Honey, maple syrup, fruit juice and other high-calorie sweeteners still are high-calorie and low in nutritional benefits.

The FDA is actually moving toward classifying these "free" sugars — which are, technically, natural — in the same category as white sugar, Hensrud said.

"The effect, overall, of sugars, depends on the amount we consume, as well as what is present along with the sugars," Hensrud said.

Don’t despair, though — there is one kind of sugar you can consume without guilt (or an ever-widening waistline).

Hensrud recommends people consume all the fresh fruit (and the sugars they contain) possible.

How? A small to medium piece of fruit, Hensrud said, is about 60 calories. Not all of that is sugar, though — fruit contains water, fiber and vital nutrients.

"There’s a perception that people should limit fruit," Hensrud said. "But fruit is not associated with weight gain."

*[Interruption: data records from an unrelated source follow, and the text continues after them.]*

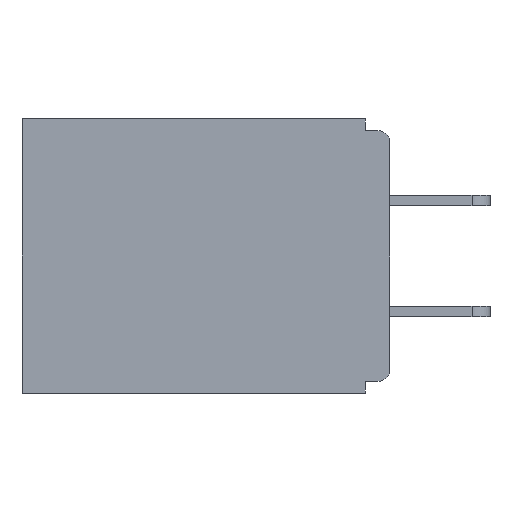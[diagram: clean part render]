
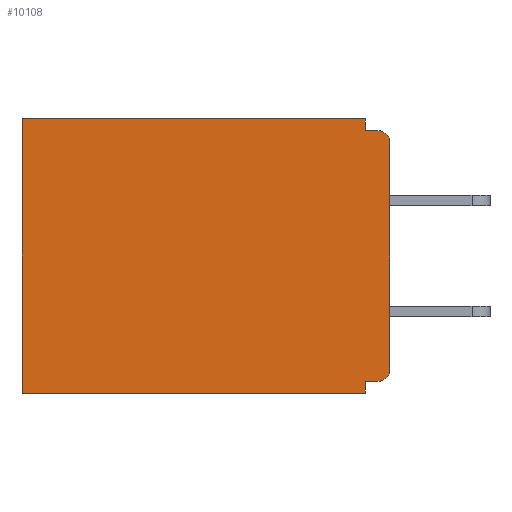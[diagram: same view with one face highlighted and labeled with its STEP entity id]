
A CAD part, left-side view. The second image highlights one B-rep face of the part: STEP entity #10108.
In plain terms, the highlighted planar face has unit normal (-1, 0, 0).
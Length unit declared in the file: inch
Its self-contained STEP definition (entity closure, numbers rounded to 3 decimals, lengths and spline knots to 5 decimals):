
#109 = VERTEX_POINT ( 'NONE', #1873 ) ;
#428 = ORIENTED_EDGE ( 'NONE', *, *, #12479, .F. ) ;
#603 = CARTESIAN_POINT ( 'NONE',  ( 0.298, 0.015, -0.313 ) ) ;
#623 = LINE ( 'NONE', #15823, #2158 ) ;
#644 = LINE ( 'NONE', #12943, #10087 ) ;
#671 = CARTESIAN_POINT ( 'NONE',  ( 0.298, 0.015, -0.015 ) ) ;
#1138 = DIRECTION ( 'NONE',  ( 0., 0., -1. ) ) ;
#1159 = DIRECTION ( 'NONE',  ( 0., 1., 0. ) ) ;
#1163 = VERTEX_POINT ( 'NONE', #1696 ) ;
#1213 = CARTESIAN_POINT ( 'NONE',  ( 0.298, 0., -0.328 ) ) ;
#1373 = VERTEX_POINT ( 'NONE', #3288 ) ;
#1416 = EDGE_CURVE ( 'NONE', #12056, #1445, #12308, .T. ) ;
#1445 = VERTEX_POINT ( 'NONE', #14474 ) ;
#1696 = CARTESIAN_POINT ( 'NONE',  ( 0.298, 0.031, -0.328 ) ) ;
#1727 = DIRECTION ( 'NONE',  ( 0., -1., 0. ) ) ;
#1795 = ORIENTED_EDGE ( 'NONE', *, *, #8183, .F. ) ;
#1815 = VECTOR ( 'NONE', #4954, 39.37008 ) ;
#1835 = LINE ( 'NONE', #6711, #13068 ) ;
#1873 = CARTESIAN_POINT ( 'NONE',  ( 0.298, 0.46, -0.343 ) ) ;
#2158 = VECTOR ( 'NONE', #14056, 39.37008 ) ;
#2245 = DIRECTION ( 'NONE',  ( 0., 0., -1. ) ) ;
#2521 = ORIENTED_EDGE ( 'NONE', *, *, #8639, .T. ) ;
#3025 = LINE ( 'NONE', #12281, #6350 ) ;
#3256 = LINE ( 'NONE', #7422, #12348 ) ;
#3288 = CARTESIAN_POINT ( 'NONE',  ( 0.298, 0.031, -0.015 ) ) ;
#3484 = CARTESIAN_POINT ( 'NONE',  ( 0.298, 0.015, -0.328 ) ) ;
#4926 = CARTESIAN_POINT ( 'NONE',  ( 0.298, 0.031, 0. ) ) ;
#4954 = DIRECTION ( 'NONE',  ( 0., 1., 0. ) ) ;
#5056 = VERTEX_POINT ( 'NONE', #15308 ) ;
#5442 = CARTESIAN_POINT ( 'NONE',  ( 0.298, 0.46, 0. ) ) ;
#5462 = ORIENTED_EDGE ( 'NONE', *, *, #12896, .F. ) ;
#5669 = EDGE_CURVE ( 'NONE', #13512, #1445, #3256, .T. ) ;
#5830 = DIRECTION ( 'NONE',  ( 0., 1., 0. ) ) ;
#6000 = DIRECTION ( 'NONE',  ( -1., 0., 0. ) ) ;
#6046 = AXIS2_PLACEMENT_3D ( 'NONE', #603, #9306, #13221 ) ;
#6350 = VECTOR ( 'NONE', #2245, 39.37008 ) ;
#6384 = AXIS2_PLACEMENT_3D ( 'NONE', #14860, #15900, #8569 ) ;
#6418 = ORIENTED_EDGE ( 'NONE', *, *, #7028, .F. ) ;
#6711 = CARTESIAN_POINT ( 'NONE',  ( 0.298, 0., -0.015 ) ) ;
#7028 = EDGE_CURVE ( 'NONE', #10719, #1373, #3025, .T. ) ;
#7046 = EDGE_LOOP ( 'NONE', ( #9855, #1795, #6418, #2521, #9861, #428, #12510, #5462, #11196, #9612 ) ) ;
#7422 = CARTESIAN_POINT ( 'NONE',  ( 0.298, 0., 0. ) ) ;
#7635 = CIRCLE ( 'NONE', #15856, 0.015 ) ;
#8183 = EDGE_CURVE ( 'NONE', #1373, #9419, #1835, .T. ) ;
#8259 = CARTESIAN_POINT ( 'NONE',  ( 0.298, 0., -0.343 ) ) ;
#8569 = DIRECTION ( 'NONE',  ( 0., 0., -1. ) ) ;
#8623 = VECTOR ( 'NONE', #5830, 39.37008 ) ;
#8639 = EDGE_CURVE ( 'NONE', #10719, #10470, #15396, .T. ) ;
#9102 = EDGE_CURVE ( 'NONE', #1163, #5056, #644, .T. ) ;
#9306 = DIRECTION ( 'NONE',  ( -1., 0., 0. ) ) ;
#9384 = VECTOR ( 'NONE', #1159, 39.37008 ) ;
#9419 = VERTEX_POINT ( 'NONE', #671 ) ;
#9420 = LINE ( 'NONE', #8259, #8623 ) ;
#9612 = ORIENTED_EDGE ( 'NONE', *, *, #5669, .F. ) ;
#9855 = ORIENTED_EDGE ( 'NONE', *, *, #12700, .T. ) ;
#9861 = ORIENTED_EDGE ( 'NONE', *, *, #11090, .T. ) ;
#10087 = VECTOR ( 'NONE', #14303, 39.37008 ) ;
#10108 = ADVANCED_FACE ( 'NONE', ( #14792 ), #13600, .F. ) ;
#10470 = VERTEX_POINT ( 'NONE', #5442 ) ;
#10719 = VERTEX_POINT ( 'NONE', #4926 ) ;
#11090 = EDGE_CURVE ( 'NONE', #10470, #109, #623, .T. ) ;
#11112 = CARTESIAN_POINT ( 'NONE',  ( 0.298, 0.015, -0.03 ) ) ;
#11196 = ORIENTED_EDGE ( 'NONE', *, *, #1416, .T. ) ;
#12056 = VERTEX_POINT ( 'NONE', #3484 ) ;
#12281 = CARTESIAN_POINT ( 'NONE',  ( 0.298, 0.031, -0.343 ) ) ;
#12308 = CIRCLE ( 'NONE', #6046, 0.015 ) ;
#12348 = VECTOR ( 'NONE', #16180, 39.37008 ) ;
#12479 = EDGE_CURVE ( 'NONE', #5056, #109, #9420, .T. ) ;
#12509 = CARTESIAN_POINT ( 'NONE',  ( 0.298, 0., 0. ) ) ;
#12510 = ORIENTED_EDGE ( 'NONE', *, *, #9102, .F. ) ;
#12700 = EDGE_CURVE ( 'NONE', #13512, #9419, #7635, .T. ) ;
#12759 = LINE ( 'NONE', #1213, #9384 ) ;
#12896 = EDGE_CURVE ( 'NONE', #12056, #1163, #12759, .T. ) ;
#12943 = CARTESIAN_POINT ( 'NONE',  ( 0.298, 0.031, -0.343 ) ) ;
#13068 = VECTOR ( 'NONE', #1727, 39.37008 ) ;
#13221 = DIRECTION ( 'NONE',  ( 0., 0., -1. ) ) ;
#13512 = VERTEX_POINT ( 'NONE', #15680 ) ;
#13600 = PLANE ( 'NONE',  #6384 ) ;
#14056 = DIRECTION ( 'NONE',  ( 0., 0., -1. ) ) ;
#14303 = DIRECTION ( 'NONE',  ( 0., 0., -1. ) ) ;
#14474 = CARTESIAN_POINT ( 'NONE',  ( 0.298, 0., -0.313 ) ) ;
#14792 = FACE_OUTER_BOUND ( 'NONE', #7046, .T. ) ;
#14860 = CARTESIAN_POINT ( 'NONE',  ( 0.298, 0., 0. ) ) ;
#15308 = CARTESIAN_POINT ( 'NONE',  ( 0.298, 0.031, -0.343 ) ) ;
#15396 = LINE ( 'NONE', #12509, #1815 ) ;
#15680 = CARTESIAN_POINT ( 'NONE',  ( 0.298, 0., -0.03 ) ) ;
#15823 = CARTESIAN_POINT ( 'NONE',  ( 0.298, 0.46, 0. ) ) ;
#15856 = AXIS2_PLACEMENT_3D ( 'NONE', #11112, #6000, #1138 ) ;
#15900 = DIRECTION ( 'NONE',  ( 1., 0., 0. ) ) ;
#16180 = DIRECTION ( 'NONE',  ( 0., 0., -1. ) ) ;

Want to lower your added sugar intake? First, cut down (or out) the sugary beverages you drink. Look for other ways sugar is sneaking into your diet and eliminate some of those. Then consider adding more fresh fruit to your diet. We have some ideas in the sidebar.

Be careful with fruit juice and dried snacks. These can contain vitamins, but removing the fiber (in the case of juice) or water (with dried fruit) automatically increases the sugar concentration. Stick to whole fruit, when you can.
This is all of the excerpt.